Collected data entries:
◇ ◇ ◇ ◇ ◇
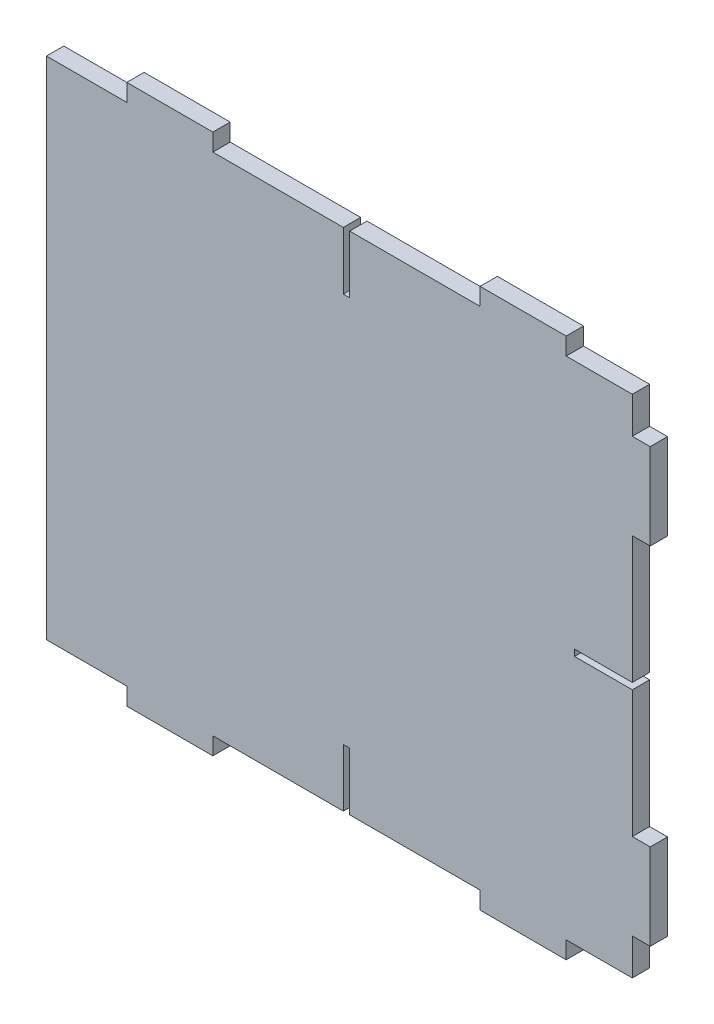
SolidWorks part; units mm, degrees
ref_plane "Plano frontal" through (0, 0, 0) normal (0, 0, 1) x (1, 0, 0)
ref_plane "Plano superior" through (0, 0, 0) normal (0, 1, 0) x (1, 0, 0)
ref_plane "Plano direito" through (0, 0, 0) normal (1, 0, 0) x (0, 0, -1)
sketch "Esboço1" plane through (0, 0, 0) normal (0, 0, 1) x (1, 0, 0)
  line L1 (209, 0) -> (0, 0)
  line L2 (209, 0) -> (209, 187)
  line L3 (209, 187) -> (0, 187)
  line L4 (0, 0) -> (0, 187)
  line L6 (0, 187) -> (209, 187)
  line L7 (0, 187) -> (0, 181)
  line L8 (0, 181) -> (209, 181)
  line L9 (209, 187) -> (209, 181)
  line L10 (209, 187) -> (202.8, 187)
  line L11 (209, 187) -> (209, 0)
  line L12 (209, 0) -> (202.8, 0)
  line L13 (202.8, 187) -> (202.8, 0)
  line L15 (27.8053, 181) -> (57.6053, 181)
  line L16 (27.8053, 181) -> (27.8053, 187)
  line L17 (27.8053, 187) -> (57.6053, 187)
  line L18 (57.6053, 181) -> (57.6053, 187)
  line L19 (150.1053, 181) -> (179.9053, 181)
  line L20 (150.1053, 181) -> (150.1053, 187)
  line L21 (150.1053, 187) -> (179.9053, 187)
  line L22 (179.9053, 181) -> (179.9053, 187)
  line L23 (202.8, 168.4) -> (209, 168.4)
  line L24 (202.8, 168.4) -> (202.8, 138.6)
  line L25 (202.8, 138.6) -> (209, 138.6)
  line L26 (209, 168.4) -> (209, 138.6)
  line L27 (202.8, 48.4) -> (209, 48.4)
  line L28 (202.8, 48.4) -> (202.8, 18.6)
  line L29 (202.8, 18.6) -> (209, 18.6)
  line L30 (209, 48.4) -> (209, 18.6)
  line L39 (0, 93.5) -> (202.8, 93.5) construction
  line L40 (179.9053, 6) -> (179.9053, 0)
  line L41 (150.1053, 0) -> (179.9053, 0)
  line L42 (150.1053, 6) -> (150.1053, 0)
  line L43 (150.1053, 6) -> (179.9053, 6)
  line L44 (57.6053, 6) -> (57.6053, 0)
  line L45 (27.8053, 0) -> (57.6053, 0)
  line L46 (27.8053, 6) -> (27.8053, 0)
  line L47 (27.8053, 6) -> (57.6053, 6)
  line L48 (0, 0) -> (0, 6)
  line L50 (0, 0) -> (209, 0)
  line L51 (0, 0) -> (0, 6)
  line L52 (0, 6) -> (209, 6)
  line L53 (209, 0) -> (209, 6)
  dimension "D2" = 6
  dimension "D3" = 29.8
  dimension "D4" = 27.8053
  dimension "D5" = 29.8
  dimension "D6" = 92.5
  dimension "D7" = 187
  dimension "D8" = 6.2
  dimension "D9" = 18.6
  dimension "D10" = 29.8
  dimension "D11" = 18.6
  dimension "D12" = 48.4
  dimension "D13" = 209
extrude "Ressalto-extrusão1" add sketch "Esboço1" along normal blind 6 contours L13 L8 L4 L1 | L8 L18 L3 L16 | L8 L22 L3 L20 | L13 L25 L11 L23 | L13 L29 L11 L27 | L39 L4 L52 L47 L43 L13 | L47 L46 L1 L44 | L43 L42 L1 L40
sketch "Esboço2" plane through (0, 0, 6) normal (0, 0, 1) x (1, 0, 0)
  line L0 (103.8579, 181) -> (103.8579, 6) construction
  line L1 (202.8, 92.4) -> (103.8579, 92.4) construction
  line L2 (202.8, 138.6) -> (202.8, 48.4) construction
  line L3 (202.8, 93.5) -> (103.8579, 93.5) construction
  line L5 (102.7579, 181) -> (102.7579, 6)
  line L6 (202.8, 94.6) -> (103.8579, 94.6)
  line L7 (104.9579, 181) -> (104.9579, 6)
  line L8 (202.8, 92.4) -> (103.8579, 92.4)
  line L10 (102.7579, 161) -> (182.8, 161)
  line L11 (102.7579, 161) -> (102.7579, 26)
  line L12 (102.7579, 26) -> (182.8, 26)
  line L13 (182.8, 161) -> (182.8, 26)
  line L17 (0, 6) -> (0, 181) construction
  line L18 (103.8579, 187) -> (103.8579, 6) construction
  line L20 (104.9579, 187) -> (104.9579, 6) construction
  line L21 (57.6053, 181) -> (150.1053, 181) construction
  line L22 (102.7579, 187) -> (102.7579, 6) construction
  line L23 (57.6053, 6) -> (150.1053, 6) construction
  line M8 (57.6053, 6) -> (150.1053, 6)
  line M17 (202.8, 48.4) -> (202.8, 138.6)
  line M26 (150.1053, 181) -> (57.6053, 181)
  dimension "D3" = 103.8579
  dimension "D4" = 20
  dimension "D5" = 20
  dimension "D6" = 20
  dimension "D1" = 1.1
  dimension "D2" = 1.1
extrude "Corte-extrusão1" cut sketch "Esboço2" against normal blind 6 contours L5 L10 L7 M26 | L6 L13 L8 M17 | L12 L5 L7 M8
◇ ◇ ◇ ◇ ◇
Instructions to follow » In the data above, find the line with "line L15 (27.8053, 181) -> (57.6053, 181)" and the line with "line L19 (150.1053, 181) -> (179.9053, 181)". Retype both, plus every line between them, exactly.

Result »
  line L15 (27.8053, 181) -> (57.6053, 181)
  line L16 (27.8053, 181) -> (27.8053, 187)
  line L17 (27.8053, 187) -> (57.6053, 187)
  line L18 (57.6053, 181) -> (57.6053, 187)
  line L19 (150.1053, 181) -> (179.9053, 181)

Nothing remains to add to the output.